Erythrocyte Sedimentation Rate Measurement Using as a Rapid Alternative to the Westergren Method

Reza Hashemi 1, Alireza Majidi 2,*, Hassan Motamed 3, Afshin Amini 4, Fares Najari 5, Ali Tabatabaey 2
PMCID: PMC4614602  PMID: 26495381

Abstract

Introduction:

Erythrocyte sedimentation rate (ESR) remains as one of the most reliable tests in clinical practices. Yet its use is time consuming and requires a large blood sample. The aim of this study was assessing a faster and reliable method of ESR estimation.

Methods:

An ESR estimation method was described and performed on 108 patients using capillary tube (micro ESR) and capillary peripheral blood. Micro ESR results at different intervals were measured and compared with Westergren ESR (conventional ESR) estimation by Pearson and Spearman’s coefficients. A regression equation was derived to predict conventional ESR values based on micro ESR results. The agreement of two measurements was demonstrated using the Bland-Altman plot.

Results:

Micro ESR results at 20 minutes showed the earliest close correlation with conventional ESR results at one hour (r = 0.987). The presented regression equation was able to closely predict ESR values (r2 = 0.974) and the Bland-Altman plot showed an acceptable agreement between converted and conventional ESR measurements.

Conclusion:

Using capillary tube and capillary blood sample (micro ESR) appears to be a faster, cheaper, more reliable, and precise tool for ESR measurement in the ED. The results have acceptable correlation with conventional ESR, especially at 20 minutes of measurement.

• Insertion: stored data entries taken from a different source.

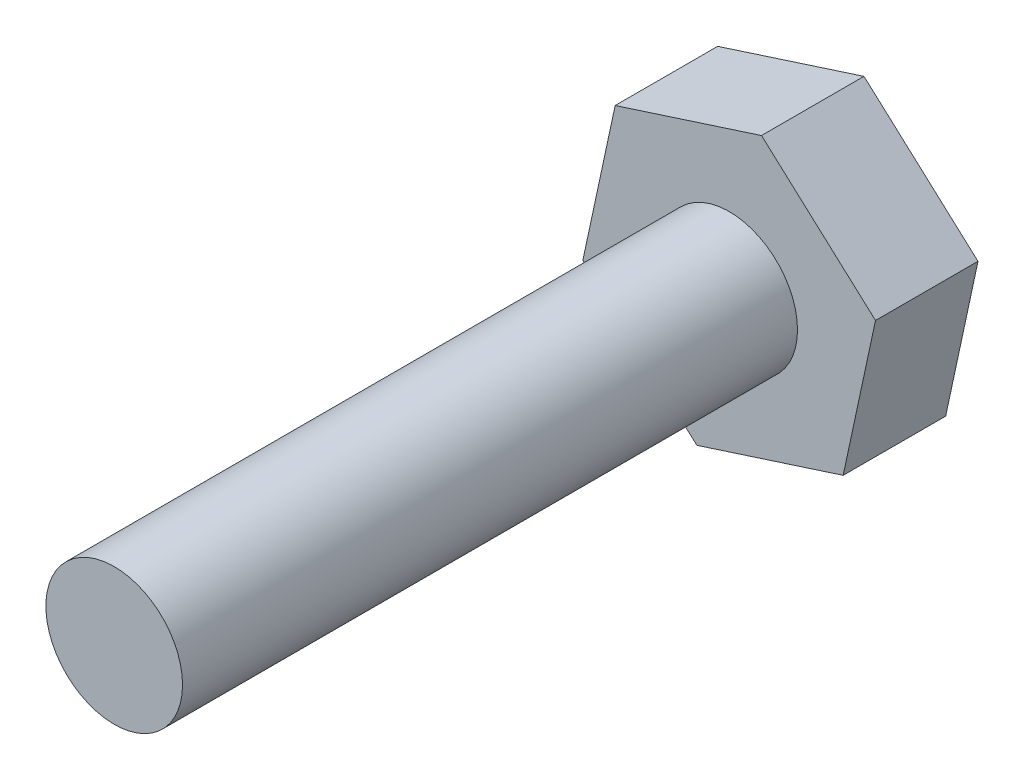
from build123d import *

# Parameters (mm, degrees)
BOSS_EXTRUDE1_DEPTH = 3
SKETCH2_R           = 2
BOSS_EXTRUDE2_DEPTH = 18


with BuildPart() as part:
    # Sketch1 → Boss-Extrude1 (new body)
    with BuildSketch(Plane.XY):
        Polygon((3.33681456, -3.019216553), (4.283125514, 1.3801579), (0.946310955, 4.399374453), (-3.33681456, 3.019216553), (-4.283125514, -1.3801579), (-0.946310955, -4.399374453), align=None)
    extrude(amount=BOSS_EXTRUDE1_DEPTH)

    # Sketch2 → Boss-Extrude2 (add)
    with BuildSketch(Plane.XY.offset(3)):
        Circle(SKETCH2_R)
    extrude(amount=BOSS_EXTRUDE2_DEPTH)


solid = part.part
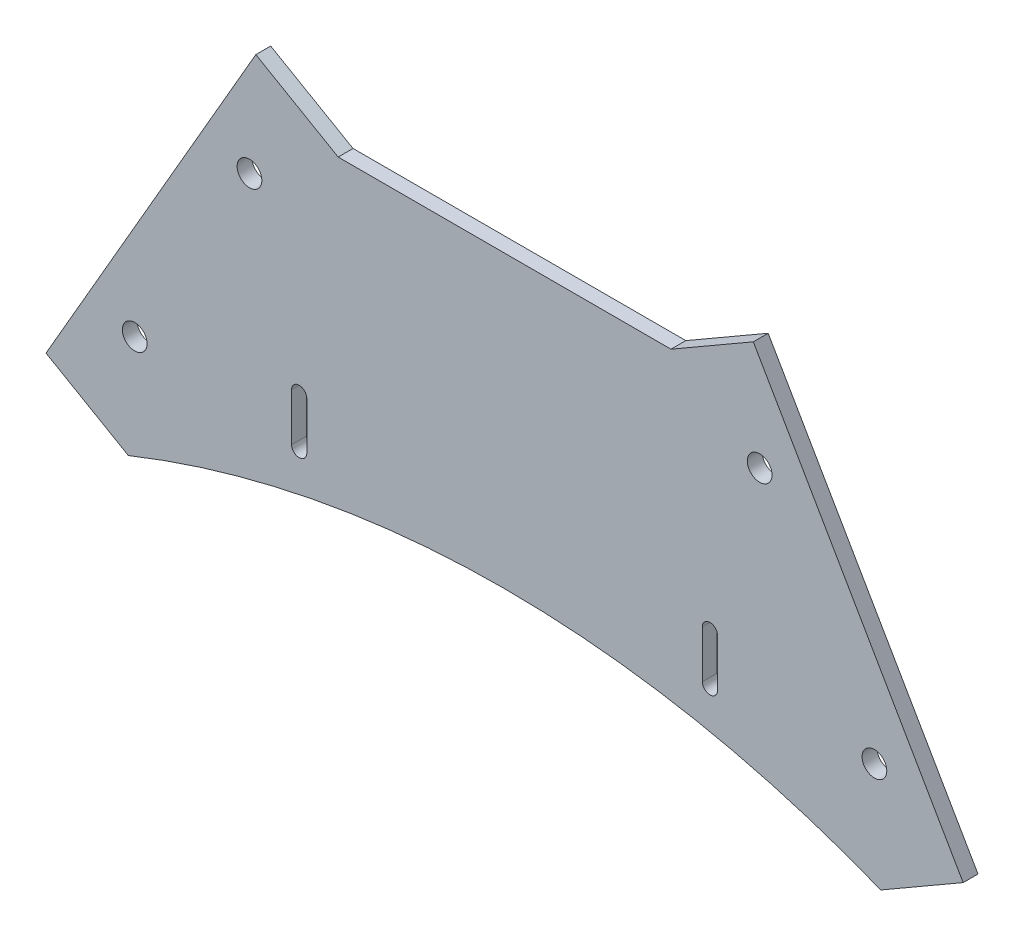
from build123d import *

# Parameters (mm, degrees)
MODEL_R             = 2.6
BOSS_EXTRUDE1_DEPTH = 3.125


with BuildPart() as part:
    # Model → Boss-Extrude1 (new body)
    with BuildSketch(Plane.XY):
        with BuildLine():
            Line((175.590993043, 0), (192.911501119, 10))
            Line((192.911501119, 10), (148.776258635, 86.444482386))
            Line((148.776258635, 86.444482386), (131.455750559, 76.444482386))
            Line((131.455750559, 76.444482386), (61.455750559, 76.444482386))
            Line((61.455750559, 76.444482386), (44.135242484, 86.444482386))
            Line((44.135242484, 86.444482386), (0, 10))
            Line((0, 10), (17.320508076, 0))
            ThreePointArc((17.320508076, 0), (96.455750559, 15.314685), (175.590993043, 0))
        make_face()
        with Locations((42.795496522, 64.123974311)):
            Circle(MODEL_R, mode=Mode.SUBTRACT)
        with Locations((18.660254038, 22.320508076)):
            Circle(MODEL_R, mode=Mode.SUBTRACT)
        with Locations((150.116004597, 64.123974311)):
            Circle(MODEL_R, mode=Mode.SUBTRACT)
        with Locations((174.251247081, 22.320508076)):
            Circle(MODEL_R, mode=Mode.SUBTRACT)
        with BuildLine():
            Line((54.855750559, 29.174833766), (54.855750559, 19.174833766))
            ThreePointArc((54.855750559, 19.174833766), (53.255750559, 17.574833766), (51.655750559, 19.174833766))
            Line((51.655750559, 19.174833766), (51.655750559, 29.174833766))
            ThreePointArc((51.655750559, 29.174833766), (53.255750559, 30.774833766), (54.855750559, 29.174833766))
        make_face(mode=Mode.SUBTRACT)
        with BuildLine():
            Line((141.255750559, 29.174833766), (141.255750559, 19.174833766))
            ThreePointArc((141.255750559, 19.174833766), (139.655750559, 17.574833766), (138.055750559, 19.174833766))
            Line((138.055750559, 19.174833766), (138.055750559, 29.174833766))
            ThreePointArc((138.055750559, 29.174833766), (139.655750559, 30.774833766), (141.255750559, 29.174833766))
        make_face(mode=Mode.SUBTRACT)
    extrude(amount=BOSS_EXTRUDE1_DEPTH)


solid = part.part

Key Words: Blood Sedimentation, methods, erythrocytes, capillary tubing, emergency medicine

Introduction:

Erythrocyte Sedimentation Rate (ESR) is one of the most commonly requested laboratory tests prescribed by physicians (1). Its rate is dependent on various physiologic and pathologic factors including hemoglobin concentration, ratio of plasma proteins, serum lipid concentration, and plasma pH (2). This limitation has not yet reduced the use of this test in different clinical settings. It is still often used to indicate disease severity and disease dynamic. In the emergency department (ED), ESR determination is an important part of critical and emergent diagnoses such as giant cell arteritis (GCA) and takes as an essential base for patient disposition in those with rheumatologic conditions (3). Furthermore, the role of ESR in clinical decision-making of non-emergent conditions has been reestablished in different settings including rheumatologic, hematologic, and even orthopedics (4-10).

Although Fahraeus and Westergren are often credited for the introduction of ESR and its clinical implications (11, 12), the test was originally described by Biernacki in Poland about a couple of decades before (13). It calculates the rate of sedimentation for red blood cells (RBC) within a 200 mm vertical tube of anticoagulated blood. Blood containing an anticoagulant remains as suspension for a relatively long time due to negative electrical charges on RBC surfaces (14).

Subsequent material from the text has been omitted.